[Excerpts from a dataset]
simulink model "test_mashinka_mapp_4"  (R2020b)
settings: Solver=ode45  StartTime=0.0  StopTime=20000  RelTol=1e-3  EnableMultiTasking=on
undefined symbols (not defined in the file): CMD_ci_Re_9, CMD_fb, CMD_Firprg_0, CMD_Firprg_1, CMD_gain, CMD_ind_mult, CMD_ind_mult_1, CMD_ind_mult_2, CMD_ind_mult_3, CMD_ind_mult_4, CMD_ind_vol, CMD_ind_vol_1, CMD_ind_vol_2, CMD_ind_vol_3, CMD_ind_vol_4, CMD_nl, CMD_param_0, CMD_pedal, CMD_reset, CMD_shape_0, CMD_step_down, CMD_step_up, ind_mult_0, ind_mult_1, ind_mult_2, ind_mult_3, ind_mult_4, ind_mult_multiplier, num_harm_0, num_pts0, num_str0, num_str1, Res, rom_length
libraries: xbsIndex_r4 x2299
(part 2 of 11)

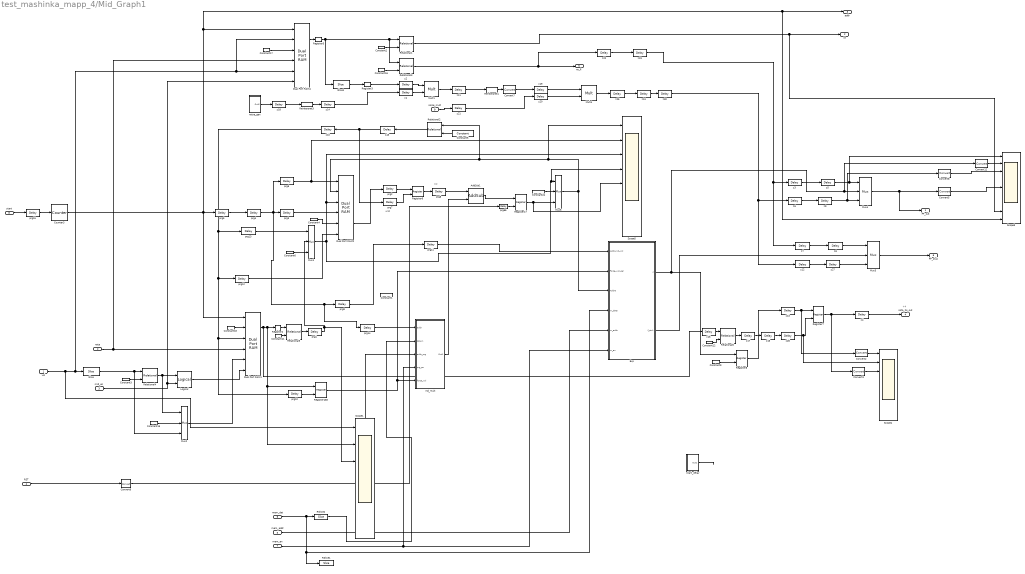
== system test_mashinka_mapp_4/Mid_Graph1 ==
  note: w90
  note: w2
  note: +4
  vol : Inport
  nota : Inport  Port=2
  mid_en : Inport  Port=3
  RST : Inport  Port=4
  mem_addr : Inport  Port=5
  mem_dat : Inport  Port=6
  mem_en : Inport  Port=7
  start : Inport  Port=8
  noise_mult : Inport  Port=9
  AddSub1 : xbsIndex_r4/AddSub  mode=Addition  use_carryin=off  use_carryout=off  en=off  latency=2  precision=User Defined  arith_type=Unsigned  n_bits=30  bin_pt=0  quantization=Truncate  overflow=Saturate  use_behavioral_HDL=off  hw_selection=Fabric  pipelined=off  dbl_ovrd=off  block_type=addsub
  Constant1 : xbsIndex_r4/Constant  const=4000  gui_display_data_type=Fixed-point  arith_type=Unsigned  n_bits=16  bin_pt=0  preci_type=Single  exp_width=8  frac_width=24  explicit_period=on  period=1  equ=P=C  opselect=C  inp2=PCIN>>17  opr=+  inp1=P  carry=CIN  dbl_ovrd=off  block_type=constant
      settings: block_version=VER_STRING_GOES_HERE
  Constant11 : xbsIndex_r4/Constant  const=1  gui_display_data_type=Fixed-point  arith_type=Unsigned  n_bits=7  bin_pt=0  preci_type=Single  exp_width=8  frac_width=24  explicit_period=on  period=1  equ=P=C  opselect=C  inp2=PCIN>>17  opr=+  inp1=P  carry=CIN  dbl_ovrd=off  block_type=constant
      settings: block_version=VER_STRING_GOES_HERE
  Constant{2,12,15,18} (4 alike) : xbsIndex_r4/Constant  const=0  gui_display_data_type=Fixed-point  arith_type=Unsigned  n_bits=7  bin_pt=0  preci_type=Single  exp_width=8  frac_width=24  explicit_period=on  period=1  equ=P=C  opselect=C  inp2=PCIN>>17  opr=+  inp1=P  carry=CIN  dbl_ovrd=off  block_type=constant
      settings: block_version=VER_STRING_GOES_HERE
  Constant16 : xbsIndex_r4/Constant  const=127  gui_display_data_type=Fixed-point  arith_type=Unsigned  n_bits=8  bin_pt=0  preci_type=Single  exp_width=8  frac_width=24  explicit_period=on  period=1  equ=P=C  opselect=C  inp2=PCIN>>17  opr=+  inp1=P  carry=CIN  dbl_ovrd=off  block_type=constant
      settings: block_version=VER_STRING_GOES_HERE
  Constant17 : xbsIndex_r4/Constant  const=0  gui_display_data_type=Fixed-point  arith_type=Boolean  n_bits=1  bin_pt=0  preci_type=Single  exp_width=8  frac_width=24  explicit_period=on  period=1  equ=P=C  opselect=C  inp2=PCIN>>17  opr=+  inp1=P  carry=CIN  dbl_ovrd=off  block_type=constant
      settings: block_version=VER_STRING_GOES_HERE
  Constant24 : xbsIndex_r4/Constant  const=0  gui_display_data_type=Fixed-point  arith_type=Unsigned  n_bits=30  bin_pt=0  preci_type=Single  exp_width=8  frac_width=24  explicit_period=on  period=1  equ=P=C  opselect=C  inp2=PCIN>>17  opr=+  inp1=P  carry=CIN  dbl_ovrd=off  block_type=constant
      settings: block_version=VER_STRING_GOES_HERE
  Constant3 : xbsIndex_r4/Constant  const=1  gui_display_data_type=Fixed-point  arith_type=Unsigned  n_bits=7  bin_pt=0  preci_type=Single  exp_width=8  frac_width=24  explicit_period=on  period=1  equ=P=C  opselect=C  inp2=PCIN>>17  opr=+  inp1=P  carry=CIN  dbl_ovrd=off  block_type=constant
      settings: block_version=VER_STRING_GOES_HERE
  Constant4 : xbsIndex_r4/Constant  const=0  gui_display_data_type=Fixed-point  arith_type=Unsigned  n_bits=30  bin_pt=0  preci_type=Single  exp_width=8  frac_width=24  explicit_period=on  period=1  equ=P=C  opselect=C  inp2=PCIN>>17  opr=+  inp1=P  carry=CIN  dbl_ovrd=off  block_type=constant
      settings: block_version=VER_STRING_GOES_HERE
  Constant5 : xbsIndex_r4/Constant  const=1000000000  gui_display_data_type=Fixed-point  arith_type=Unsigned  n_bits=30  bin_pt=0  preci_type=Single  exp_width=8  frac_width=24  explicit_period=off  period=1  equ=P=C  opselect=C  inp2=PCIN>>17  opr=+  inp1=P  carry=CIN  dbl_ovrd=off  block_type=constant
      settings: block_version=VER_STRING_GOES_HERE
  Constant6 : xbsIndex_r4/Constant  const=0  gui_display_data_type=Boolean  arith_type=Boolean  n_bits=24  bin_pt=0  preci_type=Single  exp_width=8  frac_width=24  explicit_period=on  period=1  equ=P=C  opselect=C  inp2=PCIN>>17  opr=+  inp1=P  carry=CIN  dbl_ovrd=off  block_type=constant
      settings: block_version=VER_STRING_GOES_HERE
  Constant9 : xbsIndex_r4/Constant  const=1  gui_display_data_type=Boolean  arith_type=Boolean  n_bits=24  bin_pt=0  preci_type=Single  exp_width=8  frac_width=24  explicit_period=on  period=1  equ=P=C  opselect=C  inp2=PCIN>>17  opr=+  inp1=P  carry=CIN  dbl_ovrd=off  block_type=constant
      settings: block_version=VER_STRING_GOES_HERE
  Convert{2..3,5,8,12} (5 alike) : xbsIndex_r4/Convert  gui_display_data_type=Floating-point  arith_type=Floating-point  n_bits=48  bin_pt=0  float_type=Single  exp_bits=8  fraction_bits=24  quantization="Round  (unbiased: +/- Inf)"  overflow=Saturate  en=off  latency=0  pipeline=off  dbl_ovrd=off  block_type=convert
  Convert6 : xbsIndex_r4/Convert  gui_display_data_type=Fixed-point  arith_type=Boolean  n_bits=48  bin_pt=48  float_type=Single  exp_bits=8  fraction_bits=24  quantization=Truncate  overflow=Saturate  en=off  latency=0  pipeline=off  dbl_ovrd=off  block_type=convert
      settings: xl_area=[0 0 0 0 0 0 0]  block_version=8.2-EVAL
  Convert7 : xbsIndex_r4/Convert  gui_display_data_type=Floating-point  arith_type=Floating-point  n_bits=48  bin_pt=0  float_type=Single  exp_bits=8  fraction_bits=24  quantization="Round  (unbiased: +/- Inf)"  overflow=Saturate  en=off  latency=6  pipeline=off  dbl_ovrd=off  block_type=convert
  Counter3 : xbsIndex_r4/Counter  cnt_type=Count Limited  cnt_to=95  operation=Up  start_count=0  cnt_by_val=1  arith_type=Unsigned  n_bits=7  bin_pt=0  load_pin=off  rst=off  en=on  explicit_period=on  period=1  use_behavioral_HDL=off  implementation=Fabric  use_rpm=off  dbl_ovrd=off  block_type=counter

THE PROBLEM: For each entry above, write it out again exactly but leave out any picture.

FINISHED TASK:
simulink model "test_mashinka_mapp_4"  (R2020b)
settings: Solver=ode45  StartTime=0.0  StopTime=20000  RelTol=1e-3  EnableMultiTasking=on
undefined symbols (not defined in the file): CMD_ci_Re_9, CMD_fb, CMD_Firprg_0, CMD_Firprg_1, CMD_gain, CMD_ind_mult, CMD_ind_mult_1, CMD_ind_mult_2, CMD_ind_mult_3, CMD_ind_mult_4, CMD_ind_vol, CMD_ind_vol_1, CMD_ind_vol_2, CMD_ind_vol_3, CMD_ind_vol_4, CMD_nl, CMD_param_0, CMD_pedal, CMD_reset, CMD_shape_0, CMD_step_down, CMD_step_up, ind_mult_0, ind_mult_1, ind_mult_2, ind_mult_3, ind_mult_4, ind_mult_multiplier, num_harm_0, num_pts0, num_str0, num_str1, Res, rom_length
libraries: xbsIndex_r4 x2299
(part 2 of 11)

== system test_mashinka_mapp_4/Mid_Graph1 ==
  note: w90
  note: w2
  note: +4
  vol : Inport
  nota : Inport  Port=2
  mid_en : Inport  Port=3
  RST : Inport  Port=4
  mem_addr : Inport  Port=5
  mem_dat : Inport  Port=6
  mem_en : Inport  Port=7
  start : Inport  Port=8
  noise_mult : Inport  Port=9
  AddSub1 : xbsIndex_r4/AddSub  mode=Addition  use_carryin=off  use_carryout=off  en=off  latency=2  precision=User Defined  arith_type=Unsigned  n_bits=30  bin_pt=0  quantization=Truncate  overflow=Saturate  use_behavioral_HDL=off  hw_selection=Fabric  pipelined=off  dbl_ovrd=off  block_type=addsub
  Constant1 : xbsIndex_r4/Constant  const=4000  gui_display_data_type=Fixed-point  arith_type=Unsigned  n_bits=16  bin_pt=0  preci_type=Single  exp_width=8  frac_width=24  explicit_period=on  period=1  equ=P=C  opselect=C  inp2=PCIN>>17  opr=+  inp1=P  carry=CIN  dbl_ovrd=off  block_type=constant
      settings: block_version=VER_STRING_GOES_HERE
  Constant11 : xbsIndex_r4/Constant  const=1  gui_display_data_type=Fixed-point  arith_type=Unsigned  n_bits=7  bin_pt=0  preci_type=Single  exp_width=8  frac_width=24  explicit_period=on  period=1  equ=P=C  opselect=C  inp2=PCIN>>17  opr=+  inp1=P  carry=CIN  dbl_ovrd=off  block_type=constant
      settings: block_version=VER_STRING_GOES_HERE
  Constant{2,12,15,18} (4 alike) : xbsIndex_r4/Constant  const=0  gui_display_data_type=Fixed-point  arith_type=Unsigned  n_bits=7  bin_pt=0  preci_type=Single  exp_width=8  frac_width=24  explicit_period=on  period=1  equ=P=C  opselect=C  inp2=PCIN>>17  opr=+  inp1=P  carry=CIN  dbl_ovrd=off  block_type=constant
      settings: block_version=VER_STRING_GOES_HERE
  Constant16 : xbsIndex_r4/Constant  const=127  gui_display_data_type=Fixed-point  arith_type=Unsigned  n_bits=8  bin_pt=0  preci_type=Single  exp_width=8  frac_width=24  explicit_period=on  period=1  equ=P=C  opselect=C  inp2=PCIN>>17  opr=+  inp1=P  carry=CIN  dbl_ovrd=off  block_type=constant
      settings: block_version=VER_STRING_GOES_HERE
  Constant17 : xbsIndex_r4/Constant  const=0  gui_display_data_type=Fixed-point  arith_type=Boolean  n_bits=1  bin_pt=0  preci_type=Single  exp_width=8  frac_width=24  explicit_period=on  period=1  equ=P=C  opselect=C  inp2=PCIN>>17  opr=+  inp1=P  carry=CIN  dbl_ovrd=off  block_type=constant
      settings: block_version=VER_STRING_GOES_HERE
  Constant24 : xbsIndex_r4/Constant  const=0  gui_display_data_type=Fixed-point  arith_type=Unsigned  n_bits=30  bin_pt=0  preci_type=Single  exp_width=8  frac_width=24  explicit_period=on  period=1  equ=P=C  opselect=C  inp2=PCIN>>17  opr=+  inp1=P  carry=CIN  dbl_ovrd=off  block_type=constant
      settings: block_version=VER_STRING_GOES_HERE
  Constant3 : xbsIndex_r4/Constant  const=1  gui_display_data_type=Fixed-point  arith_type=Unsigned  n_bits=7  bin_pt=0  preci_type=Single  exp_width=8  frac_width=24  explicit_period=on  period=1  equ=P=C  opselect=C  inp2=PCIN>>17  opr=+  inp1=P  carry=CIN  dbl_ovrd=off  block_type=constant
      settings: block_version=VER_STRING_GOES_HERE
  Constant4 : xbsIndex_r4/Constant  const=0  gui_display_data_type=Fixed-point  arith_type=Unsigned  n_bits=30  bin_pt=0  preci_type=Single  exp_width=8  frac_width=24  explicit_period=on  period=1  equ=P=C  opselect=C  inp2=PCIN>>17  opr=+  inp1=P  carry=CIN  dbl_ovrd=off  block_type=constant
      settings: block_version=VER_STRING_GOES_HERE
  Constant5 : xbsIndex_r4/Constant  const=1000000000  gui_display_data_type=Fixed-point  arith_type=Unsigned  n_bits=30  bin_pt=0  preci_type=Single  exp_width=8  frac_width=24  explicit_period=off  period=1  equ=P=C  opselect=C  inp2=PCIN>>17  opr=+  inp1=P  carry=CIN  dbl_ovrd=off  block_type=constant
      settings: block_version=VER_STRING_GOES_HERE
  Constant6 : xbsIndex_r4/Constant  const=0  gui_display_data_type=Boolean  arith_type=Boolean  n_bits=24  bin_pt=0  preci_type=Single  exp_width=8  frac_width=24  explicit_period=on  period=1  equ=P=C  opselect=C  inp2=PCIN>>17  opr=+  inp1=P  carry=CIN  dbl_ovrd=off  block_type=constant
      settings: block_version=VER_STRING_GOES_HERE
  Constant9 : xbsIndex_r4/Constant  const=1  gui_display_data_type=Boolean  arith_type=Boolean  n_bits=24  bin_pt=0  preci_type=Single  exp_width=8  frac_width=24  explicit_period=on  period=1  equ=P=C  opselect=C  inp2=PCIN>>17  opr=+  inp1=P  carry=CIN  dbl_ovrd=off  block_type=constant
      settings: block_version=VER_STRING_GOES_HERE
  Convert{2..3,5,8,12} (5 alike) : xbsIndex_r4/Convert  gui_display_data_type=Floating-point  arith_type=Floating-point  n_bits=48  bin_pt=0  float_type=Single  exp_bits=8  fraction_bits=24  quantization="Round  (unbiased: +/- Inf)"  overflow=Saturate  en=off  latency=0  pipeline=off  dbl_ovrd=off  block_type=convert
  Convert6 : xbsIndex_r4/Convert  gui_display_data_type=Fixed-point  arith_type=Boolean  n_bits=48  bin_pt=48  float_type=Single  exp_bits=8  fraction_bits=24  quantization=Truncate  overflow=Saturate  en=off  latency=0  pipeline=off  dbl_ovrd=off  block_type=convert
      settings: xl_area=[0 0 0 0 0 0 0]  block_version=8.2-EVAL
  Convert7 : xbsIndex_r4/Convert  gui_display_data_type=Floating-point  arith_type=Floating-point  n_bits=48  bin_pt=0  float_type=Single  exp_bits=8  fraction_bits=24  quantization="Round  (unbiased: +/- Inf)"  overflow=Saturate  en=off  latency=6  pipeline=off  dbl_ovrd=off  block_type=convert
  Counter3 : xbsIndex_r4/Counter  cnt_type=Count Limited  cnt_to=95  operation=Up  start_count=0  cnt_by_val=1  arith_type=Unsigned  n_bits=7  bin_pt=0  load_pin=off  rst=off  en=on  explicit_period=on  period=1  use_behavioral_HDL=off  implementation=Fabric  use_rpm=off  dbl_ovrd=off  block_type=counter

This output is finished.